На рассвете Костик вышел из комнаты Андреа. Мардж сидела на диване в холле отеля. Дремала. Но не спала, чутко реагируя на всех выходящих из лифта людей. Костик улыбнулся и кивнул ей как доброй старой тетушке. Мардж вскочила, догнала, схватила за руку и начала красиво ругаться, выдыхая, а не выкрикивая в лицо Костику мягкие и сладкие звуки.
“Жаль, что мир захватили не индусы, а англосаксы”, – сказал Костик, поцеловал Мардж в щеку и, выдернув руку из ее ладоней, прошептал, что стрижка ей очень идет. И еще Костик сказал: “Пусть в следующий раз это будет белая женщина”.
“Ты расист?!” – Мардж отпрянула. Закаменела. И Костик ушел. И целый день, и целую ночь гулял по Варшаве, “на Старувце”. И назло Мардж фотографировал негров. Всех, что попадались ему на пути. И назло сам себе курил привезенную “Приму”, сплевывая табак под стены собора Святого Яна.
Бабке из Варшавы Костик привез колбасу, консервированный печеночный паштет и печенье в огромной красивой коробке. Печенье оказалось невкусным.
И об этом думалось все время. О печенье, а не о Мардж и Андреа.
* * *
Чтобы не ходить в армию, Костик пошел в аспирантуру. Люули сказала: “Жаль, что не девушка”. “Почему?” – удивился Костик. “Была бы надежда, что принесешь в подоле”.
Костик пожал плечами.
Мир, который принял Костика, был устроен нелепо. Никак не устроен. Кандидатские экзамены, работа в архивах, замученный язвой научный руководитель – профессор Попов, пыльные аудитории, сбор денег на поездку в Питер в библиотеку.
Равнение на копейку.
Здесь, в институте, который расправил плечи и вдруг стал университетом, никто не собирался делать открытий и никто не собирался за это платить. Маленькая стипендия шелестела на счетах открывающихся банков и попадала в руки такой невинной и беспомощной, что отношения с ней казались Костику педофилическими.

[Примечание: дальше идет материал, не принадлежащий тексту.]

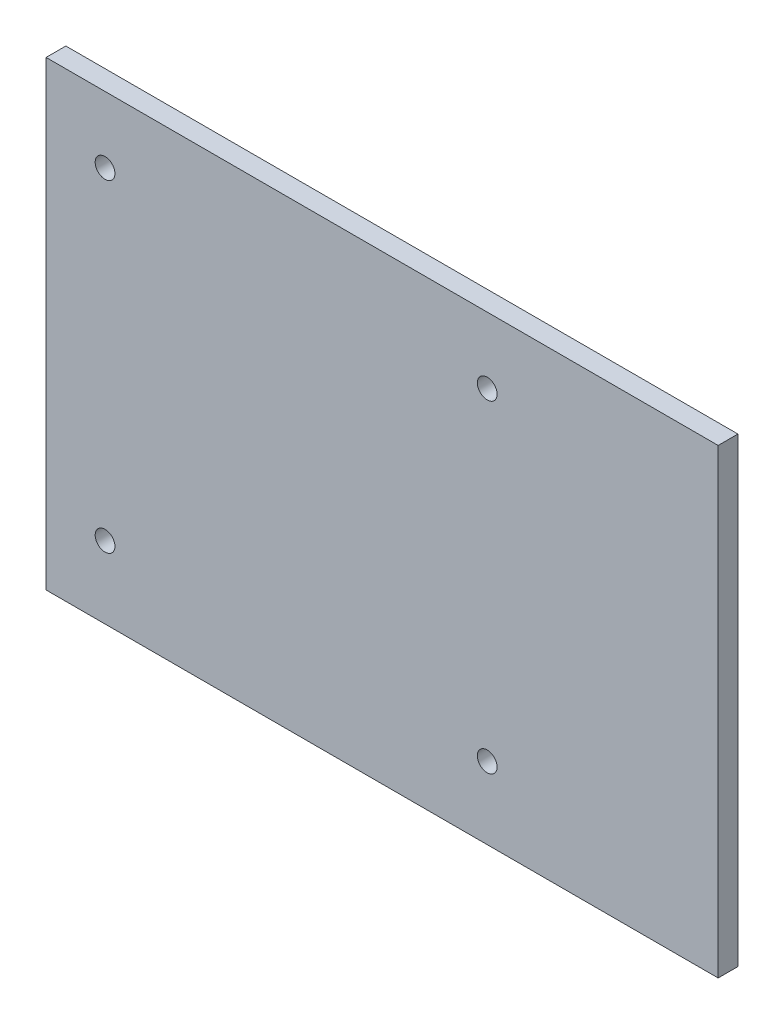
ISO-10303-21;
HEADER;
FILE_DESCRIPTION(('STEP AP214'),'2;1');
FILE_NAME('part.step','',(''),(''),'','','');
FILE_SCHEMA(('AUTOMOTIVE_DESIGN { 1 0 10303 214 1 1 1 1 }'));
ENDSEC;
DATA;
#1=APPLICATION_CONTEXT('core data for automotive mechanical design processes');
#2=APPLICATION_PROTOCOL_DEFINITION('international standard','automotive_design',2000,#1);
#3=PRODUCT_CONTEXT('',#1,'mechanical');
#4=PRODUCT('Part','Part','',(#3));
#5=PRODUCT_RELATED_PRODUCT_CATEGORY('part','',(#4));
#6=PRODUCT_DEFINITION_FORMATION('','',#4);
#7=PRODUCT_DEFINITION_CONTEXT('part definition',#1,'design');
#8=PRODUCT_DEFINITION('design','',#6,#7);
#9=PRODUCT_DEFINITION_SHAPE('','',#8);
#10=(LENGTH_UNIT() NAMED_UNIT(*) SI_UNIT(.MILLI.,.METRE.));
#11=(NAMED_UNIT(*) PLANE_ANGLE_UNIT() SI_UNIT($,.RADIAN.));
#12=(NAMED_UNIT(*) SI_UNIT($,.STERADIAN.) SOLID_ANGLE_UNIT());
#13=UNCERTAINTY_MEASURE_WITH_UNIT(LENGTH_MEASURE(1.E-05),#10,'distance_accuracy_value','');
#14=(GEOMETRIC_REPRESENTATION_CONTEXT(3) GLOBAL_UNCERTAINTY_ASSIGNED_CONTEXT((#13)) GLOBAL_UNIT_ASSIGNED_CONTEXT((#10,
#11,#12)) REPRESENTATION_CONTEXT('',''));
#15=CARTESIAN_POINT('',(0.,0.,0.));
#16=DIRECTION('',(0.,0.,1.));
#17=DIRECTION('',(1.,0.,0.));
#18=AXIS2_PLACEMENT_3D('',#15,#16,#17);
#19=CARTESIAN_POINT('',(0.,0.,3.));
#20=DIRECTION('',(0.,0.,1.));
#21=DIRECTION('',(1.,0.,0.));
#22=AXIS2_PLACEMENT_3D('',#19,#20,#21);
#23=PLANE('',#22);
#24=CARTESIAN_POINT('',(40.2909090909091,-39.7669421487603,3.));
#25=DIRECTION('',(0.,0.,1.));
#26=DIRECTION('',(-1.,0.,0.));
#27=AXIS2_PLACEMENT_3D('',#24,#25,#26);
#28=CIRCLE('',#27,1.5);
#29=CARTESIAN_POINT('',(38.7909090909091,-39.7669421487603,3.));
#30=VERTEX_POINT('',#29);
#31=EDGE_CURVE('E142',#30,#30,#28,.T.);
#32=ORIENTED_EDGE('',*,*,#31,.F.);
#33=EDGE_LOOP('',(#32));
#34=FACE_BOUND('',#33,.T.);
#35=CARTESIAN_POINT('',(-17.7090909090909,-39.7669421487603,3.));
#36=DIRECTION('',(0.,0.,1.));
#37=DIRECTION('',(1.,0.,0.));
#38=AXIS2_PLACEMENT_3D('',#35,#36,#37);
#39=CIRCLE('',#38,1.5);
#40=CARTESIAN_POINT('',(-16.2090909090909,-39.7669421487603,3.));
#41=VERTEX_POINT('',#40);
#42=EDGE_CURVE('E112',#41,#41,#39,.T.);
#43=ORIENTED_EDGE('',*,*,#42,.F.);
#44=EDGE_LOOP('',(#43));
#45=FACE_BOUND('',#44,.T.);
#46=DIRECTION('',(0.,-1.,0.));
#47=VECTOR('',#46,1.);
#48=CARTESIAN_POINT('',(-26.6590909090909,19.2830578512397,3.));
#49=LINE('',#48,#47);
#50=CARTESIAN_POINT('',(-26.6590909090909,19.2830578512397,3.));
#51=VERTEX_POINT('',#50);
#52=CARTESIAN_POINT('',(-26.6590909090909,-50.7169421487603,3.));
#53=VERTEX_POINT('',#52);
#54=EDGE_CURVE('E92',#51,#53,#49,.T.);
#55=ORIENTED_EDGE('',*,*,#54,.T.);
#56=DIRECTION('',(1.,0.,0.));
#57=VECTOR('',#56,1.);
#58=CARTESIAN_POINT('',(-26.6590909090909,-50.7169421487603,3.));
#59=LINE('',#58,#57);
#60=CARTESIAN_POINT('',(75.3409090909091,-50.7169421487603,3.));
#61=VERTEX_POINT('',#60);
#62=EDGE_CURVE('E87',#53,#61,#59,.T.);
#63=ORIENTED_EDGE('',*,*,#62,.T.);
#64=DIRECTION('',(0.,1.,0.));
#65=VECTOR('',#64,1.);
#66=CARTESIAN_POINT('',(75.3409090909091,19.2830578512397,3.));
#67=LINE('',#66,#65);
#68=CARTESIAN_POINT('',(75.3409090909091,19.2830578512397,3.));
#69=VERTEX_POINT('',#68);
#70=EDGE_CURVE('E90',#61,#69,#67,.T.);
#71=ORIENTED_EDGE('',*,*,#70,.T.);
#72=DIRECTION('',(-1.,0.,0.));
#73=VECTOR('',#72,1.);
#74=CARTESIAN_POINT('',(-26.6590909090909,19.2830578512397,3.));
#75=LINE('',#74,#73);
#76=EDGE_CURVE('E57',#69,#51,#75,.T.);
#77=ORIENTED_EDGE('',*,*,#76,.T.);
#78=EDGE_LOOP('',(#55,#63,#71,#77));
#79=FACE_BOUND('',#78,.T.);
#80=CARTESIAN_POINT('',(-17.7090909090909,9.23305785123966,3.));
#81=DIRECTION('',(0.,0.,1.));
#82=DIRECTION('',(-1.,0.,0.));
#83=AXIS2_PLACEMENT_3D('',#80,#81,#82);
#84=CIRCLE('',#83,1.5);
#85=CARTESIAN_POINT('',(-19.2090909090909,9.23305785123966,3.));
#86=VERTEX_POINT('',#85);
#87=EDGE_CURVE('E134',#86,#86,#84,.T.);
#88=ORIENTED_EDGE('',*,*,#87,.F.);
#89=EDGE_LOOP('',(#88));
#90=FACE_BOUND('',#89,.T.);
#91=CARTESIAN_POINT('',(40.2909090909091,9.23305785123966,3.));
#92=DIRECTION('',(0.,0.,1.));
#93=DIRECTION('',(1.,0.,0.));
#94=AXIS2_PLACEMENT_3D('',#91,#92,#93);
#95=CIRCLE('',#94,1.5);
#96=CARTESIAN_POINT('',(41.7909090909091,9.23305785123966,3.));
#97=VERTEX_POINT('',#96);
#98=EDGE_CURVE('E150',#97,#97,#95,.T.);
#99=ORIENTED_EDGE('',*,*,#98,.F.);
#100=EDGE_LOOP('',(#99));
#101=FACE_BOUND('',#100,.T.);
#102=ADVANCED_FACE('F39',(#34,#45,#79,#90,#101),#23,.T.);
#103=CARTESIAN_POINT('',(0.,0.,0.));
#104=DIRECTION('',(0.,0.,1.));
#105=DIRECTION('',(1.,0.,0.));
#106=AXIS2_PLACEMENT_3D('',#103,#104,#105);
#107=PLANE('',#106);
#108=DIRECTION('',(0.,-1.,0.));
#109=VECTOR('',#108,1.);
#110=CARTESIAN_POINT('',(-26.6590909090909,19.2830578512397,0.));
#111=LINE('',#110,#109);
#112=CARTESIAN_POINT('',(-26.6590909090909,19.2830578512397,0.));
#113=VERTEX_POINT('',#112);
#114=CARTESIAN_POINT('',(-26.6590909090909,-50.7169421487603,0.));
#115=VERTEX_POINT('',#114);
#116=EDGE_CURVE('E108',#113,#115,#111,.T.);
#117=ORIENTED_EDGE('',*,*,#116,.F.);
#118=DIRECTION('',(-1.,0.,0.));
#119=VECTOR('',#118,1.);
#120=CARTESIAN_POINT('',(-26.6590909090909,19.2830578512397,0.));
#121=LINE('',#120,#119);
#122=CARTESIAN_POINT('',(75.3409090909091,19.2830578512397,0.));
#123=VERTEX_POINT('',#122);
#124=EDGE_CURVE('E80',#123,#113,#121,.T.);
#125=ORIENTED_EDGE('',*,*,#124,.F.);
#126=DIRECTION('',(0.,1.,0.));
#127=VECTOR('',#126,1.);
#128=CARTESIAN_POINT('',(75.3409090909091,19.2830578512397,0.));
#129=LINE('',#128,#127);
#130=CARTESIAN_POINT('',(75.3409090909091,-50.7169421487603,0.));
#131=VERTEX_POINT('',#130);
#132=EDGE_CURVE('E74',#131,#123,#129,.T.);
#133=ORIENTED_EDGE('',*,*,#132,.F.);
#134=DIRECTION('',(1.,0.,0.));
#135=VECTOR('',#134,1.);
#136=CARTESIAN_POINT('',(-26.6590909090909,-50.7169421487603,0.));
#137=LINE('',#136,#135);
#138=EDGE_CURVE('E97',#115,#131,#137,.T.);
#139=ORIENTED_EDGE('',*,*,#138,.F.);
#140=EDGE_LOOP('',(#117,#125,#133,#139));
#141=FACE_BOUND('',#140,.T.);
#142=CARTESIAN_POINT('',(-17.7090909090909,-39.7669421487603,0.));
#143=DIRECTION('',(0.,0.,1.));
#144=DIRECTION('',(1.,0.,0.));
#145=AXIS2_PLACEMENT_3D('',#142,#143,#144);
#146=CIRCLE('',#145,1.5);
#147=CARTESIAN_POINT('',(-16.2090909090909,-39.7669421487603,0.));
#148=VERTEX_POINT('',#147);
#149=EDGE_CURVE('E130',#148,#148,#146,.T.);
#150=ORIENTED_EDGE('',*,*,#149,.T.);
#151=EDGE_LOOP('',(#150));
#152=FACE_BOUND('',#151,.T.);
#153=CARTESIAN_POINT('',(-17.7090909090909,9.23305785123966,0.));
#154=DIRECTION('',(0.,0.,1.));
#155=DIRECTION('',(-1.,0.,0.));
#156=AXIS2_PLACEMENT_3D('',#153,#154,#155);
#157=CIRCLE('',#156,1.5);
#158=CARTESIAN_POINT('',(-19.2090909090909,9.23305785123966,0.));
#159=VERTEX_POINT('',#158);
#160=EDGE_CURVE('E138',#159,#159,#157,.T.);
#161=ORIENTED_EDGE('',*,*,#160,.T.);
#162=EDGE_LOOP('',(#161));
#163=FACE_BOUND('',#162,.T.);
#164=CARTESIAN_POINT('',(40.2909090909091,-39.7669421487603,0.));
#165=DIRECTION('',(0.,0.,1.));
#166=DIRECTION('',(-1.,0.,0.));
#167=AXIS2_PLACEMENT_3D('',#164,#165,#166);
#168=CIRCLE('',#167,1.5);
#169=CARTESIAN_POINT('',(38.7909090909091,-39.7669421487603,0.));
#170=VERTEX_POINT('',#169);
#171=EDGE_CURVE('E146',#170,#170,#168,.T.);
#172=ORIENTED_EDGE('',*,*,#171,.T.);
#173=EDGE_LOOP('',(#172));
#174=FACE_BOUND('',#173,.T.);
#175=CARTESIAN_POINT('',(40.2909090909091,9.23305785123966,0.));
#176=DIRECTION('',(0.,0.,1.));
#177=DIRECTION('',(1.,0.,0.));
#178=AXIS2_PLACEMENT_3D('',#175,#176,#177);
#179=CIRCLE('',#178,1.5);
#180=CARTESIAN_POINT('',(41.7909090909091,9.23305785123966,0.));
#181=VERTEX_POINT('',#180);
#182=EDGE_CURVE('E154',#181,#181,#179,.T.);
#183=ORIENTED_EDGE('',*,*,#182,.T.);
#184=EDGE_LOOP('',(#183));
#185=FACE_BOUND('',#184,.T.);
#186=ADVANCED_FACE('F125',(#141,#152,#163,#174,#185),#107,.F.);
#187=CARTESIAN_POINT('',(-26.6590909090909,19.2830578512397,3.));
#188=DIRECTION('',(1.,0.,0.));
#189=DIRECTION('',(0.,1.,0.));
#190=AXIS2_PLACEMENT_3D('',#187,#188,#189);
#191=PLANE('',#190);
#192=ORIENTED_EDGE('',*,*,#116,.T.);
#193=DIRECTION('',(0.,0.,-1.));
#194=VECTOR('',#193,1.);
#195=CARTESIAN_POINT('',(-26.6590909090909,-50.7169421487603,3.));
#196=LINE('',#195,#194);
#197=EDGE_CURVE('E11',#53,#115,#196,.T.);
#198=ORIENTED_EDGE('',*,*,#197,.F.);
#199=ORIENTED_EDGE('',*,*,#54,.F.);
#200=DIRECTION('',(0.,0.,-1.));
#201=VECTOR('',#200,1.);
#202=CARTESIAN_POINT('',(-26.6590909090909,19.2830578512397,3.));
#203=LINE('',#202,#201);
#204=EDGE_CURVE('E104',#51,#113,#203,.T.);
#205=ORIENTED_EDGE('',*,*,#204,.T.);
#206=EDGE_LOOP('',(#192,#198,#199,#205));
#207=FACE_BOUND('',#206,.T.);
#208=ADVANCED_FACE('F41',(#207),#191,.F.);
#209=CARTESIAN_POINT('',(-26.6590909090909,-50.7169421487603,3.));
#210=DIRECTION('',(0.,1.,0.));
#211=DIRECTION('',(0.,0.,1.));
#212=AXIS2_PLACEMENT_3D('',#209,#210,#211);
#213=PLANE('',#212);
#214=ORIENTED_EDGE('',*,*,#138,.T.);
#215=DIRECTION('',(0.,0.,-1.));
#216=VECTOR('',#215,1.);
#217=CARTESIAN_POINT('',(75.3409090909091,-50.7169421487603,3.));
#218=LINE('',#217,#216);
#219=EDGE_CURVE('E49',#61,#131,#218,.T.);
#220=ORIENTED_EDGE('',*,*,#219,.F.);
#221=ORIENTED_EDGE('',*,*,#62,.F.);
#222=ORIENTED_EDGE('',*,*,#197,.T.);
#223=EDGE_LOOP('',(#214,#220,#221,#222));
#224=FACE_BOUND('',#223,.T.);
#225=ADVANCED_FACE('F96',(#224),#213,.F.);
#226=CARTESIAN_POINT('',(75.3409090909091,19.2830578512397,3.));
#227=DIRECTION('',(-1.,0.,0.));
#228=DIRECTION('',(0.,-1.,0.));
#229=AXIS2_PLACEMENT_3D('',#226,#227,#228);
#230=PLANE('',#229);
#231=ORIENTED_EDGE('',*,*,#132,.T.);
#232=DIRECTION('',(0.,0.,-1.));
#233=VECTOR('',#232,1.);
#234=CARTESIAN_POINT('',(75.3409090909091,19.2830578512397,3.));
#235=LINE('',#234,#233);
#236=EDGE_CURVE('E99',#69,#123,#235,.T.);
#237=ORIENTED_EDGE('',*,*,#236,.F.);
#238=ORIENTED_EDGE('',*,*,#70,.F.);
#239=ORIENTED_EDGE('',*,*,#219,.T.);
#240=EDGE_LOOP('',(#231,#237,#238,#239));
#241=FACE_BOUND('',#240,.T.);
#242=ADVANCED_FACE('F100',(#241),#230,.F.);
#243=CARTESIAN_POINT('',(-26.6590909090909,19.2830578512397,3.));
#244=DIRECTION('',(0.,-1.,0.));
#245=DIRECTION('',(0.,0.,-1.));
#246=AXIS2_PLACEMENT_3D('',#243,#244,#245);
#247=PLANE('',#246);
#248=ORIENTED_EDGE('',*,*,#124,.T.);
#249=ORIENTED_EDGE('',*,*,#204,.F.);
#250=ORIENTED_EDGE('',*,*,#76,.F.);
#251=ORIENTED_EDGE('',*,*,#236,.T.);
#252=EDGE_LOOP('',(#248,#249,#250,#251));
#253=FACE_BOUND('',#252,.T.);
#254=ADVANCED_FACE('F122',(#253),#247,.F.);
#255=CARTESIAN_POINT('',(-17.7090909090909,-39.7669421487603,3.));
#256=DIRECTION('',(0.,0.,-1.));
#257=DIRECTION('',(-1.,0.,0.));
#258=AXIS2_PLACEMENT_3D('',#255,#256,#257);
#259=CYLINDRICAL_SURFACE('',#258,1.5);
#260=ORIENTED_EDGE('',*,*,#42,.T.);
#261=EDGE_LOOP('',(#260));
#262=FACE_BOUND('',#261,.T.);
#263=ORIENTED_EDGE('',*,*,#149,.F.);
#264=EDGE_LOOP('',(#263));
#265=FACE_BOUND('',#264,.T.);
#266=ADVANCED_FACE('F175',(#262,#265),#259,.F.);
#267=CARTESIAN_POINT('',(-17.7090909090909,9.23305785123966,3.));
#268=DIRECTION('',(0.,0.,-1.));
#269=DIRECTION('',(-1.,0.,0.));
#270=AXIS2_PLACEMENT_3D('',#267,#268,#269);
#271=CYLINDRICAL_SURFACE('',#270,1.5);
#272=ORIENTED_EDGE('',*,*,#87,.T.);
#273=EDGE_LOOP('',(#272));
#274=FACE_BOUND('',#273,.T.);
#275=ORIENTED_EDGE('',*,*,#160,.F.);
#276=EDGE_LOOP('',(#275));
#277=FACE_BOUND('',#276,.T.);
#278=ADVANCED_FACE('F221',(#274,#277),#271,.F.);
#279=CARTESIAN_POINT('',(40.2909090909091,-39.7669421487603,3.));
#280=DIRECTION('',(0.,0.,-1.));
#281=DIRECTION('',(-1.,0.,0.));
#282=AXIS2_PLACEMENT_3D('',#279,#280,#281);
#283=CYLINDRICAL_SURFACE('',#282,1.5);
#284=ORIENTED_EDGE('',*,*,#31,.T.);
#285=EDGE_LOOP('',(#284));
#286=FACE_BOUND('',#285,.T.);
#287=ORIENTED_EDGE('',*,*,#171,.F.);
#288=EDGE_LOOP('',(#287));
#289=FACE_BOUND('',#288,.T.);
#290=ADVANCED_FACE('F229',(#286,#289),#283,.F.);
#291=CARTESIAN_POINT('',(40.2909090909091,9.23305785123966,3.));
#292=DIRECTION('',(0.,0.,-1.));
#293=DIRECTION('',(-1.,0.,0.));
#294=AXIS2_PLACEMENT_3D('',#291,#292,#293);
#295=CYLINDRICAL_SURFACE('',#294,1.5);
#296=ORIENTED_EDGE('',*,*,#98,.T.);
#297=EDGE_LOOP('',(#296));
#298=FACE_BOUND('',#297,.T.);
#299=ORIENTED_EDGE('',*,*,#182,.F.);
#300=EDGE_LOOP('',(#299));
#301=FACE_BOUND('',#300,.T.);
#302=ADVANCED_FACE('F162',(#298,#301),#295,.F.);
#303=CLOSED_SHELL('',(#102,#186,#208,#225,#242,#254,#266,#278,#290,#302));
#304=MANIFOLD_SOLID_BREP('B2',#303);
#305=ADVANCED_BREP_SHAPE_REPRESENTATION('',(#18,#304),#14);
#306=SHAPE_DEFINITION_REPRESENTATION(#9,#305);
ENDSEC;
END-ISO-10303-21;

Бабка говорила: “На хлеб хватает – и ладно…”. Но было ясно, что она ждет от Костика чего-то мужского, связанного с большим делом, хорошим ружьем и, может быть, даже танком. Вокруг стреляли. В их маленьком городке меньше, чем в областном центре. Разбойники оказывались всегда своими. Ограбленные тоже – своими. И это было Костику особенно странно. Он думал о том, что смог бы взять чужое. Чужое незнакомое, а не чужое, вытиравшие сопли в том же саду, учившие буквы в школе через дорогу. Чужое, мать которого давала тебе хлеба в долг.
“Не связывайся”, – просила Люули, но глаз ее нехорошо горел, и едва теплая кровь мудрых финнов неожиданно закипала красными пятнами на ее щеках. “Не буду”, – пожимал плечами Костик. Но связался. Один раз. Его одноклассники, беззлобные шалопаи, обложили данью палатку. Не туристическую. Торговую палатку, что выросла чудовищным кабачком на грядке у городского исполкома. В палатке работала Оля. В ночь через две. В очередь со своей мамой.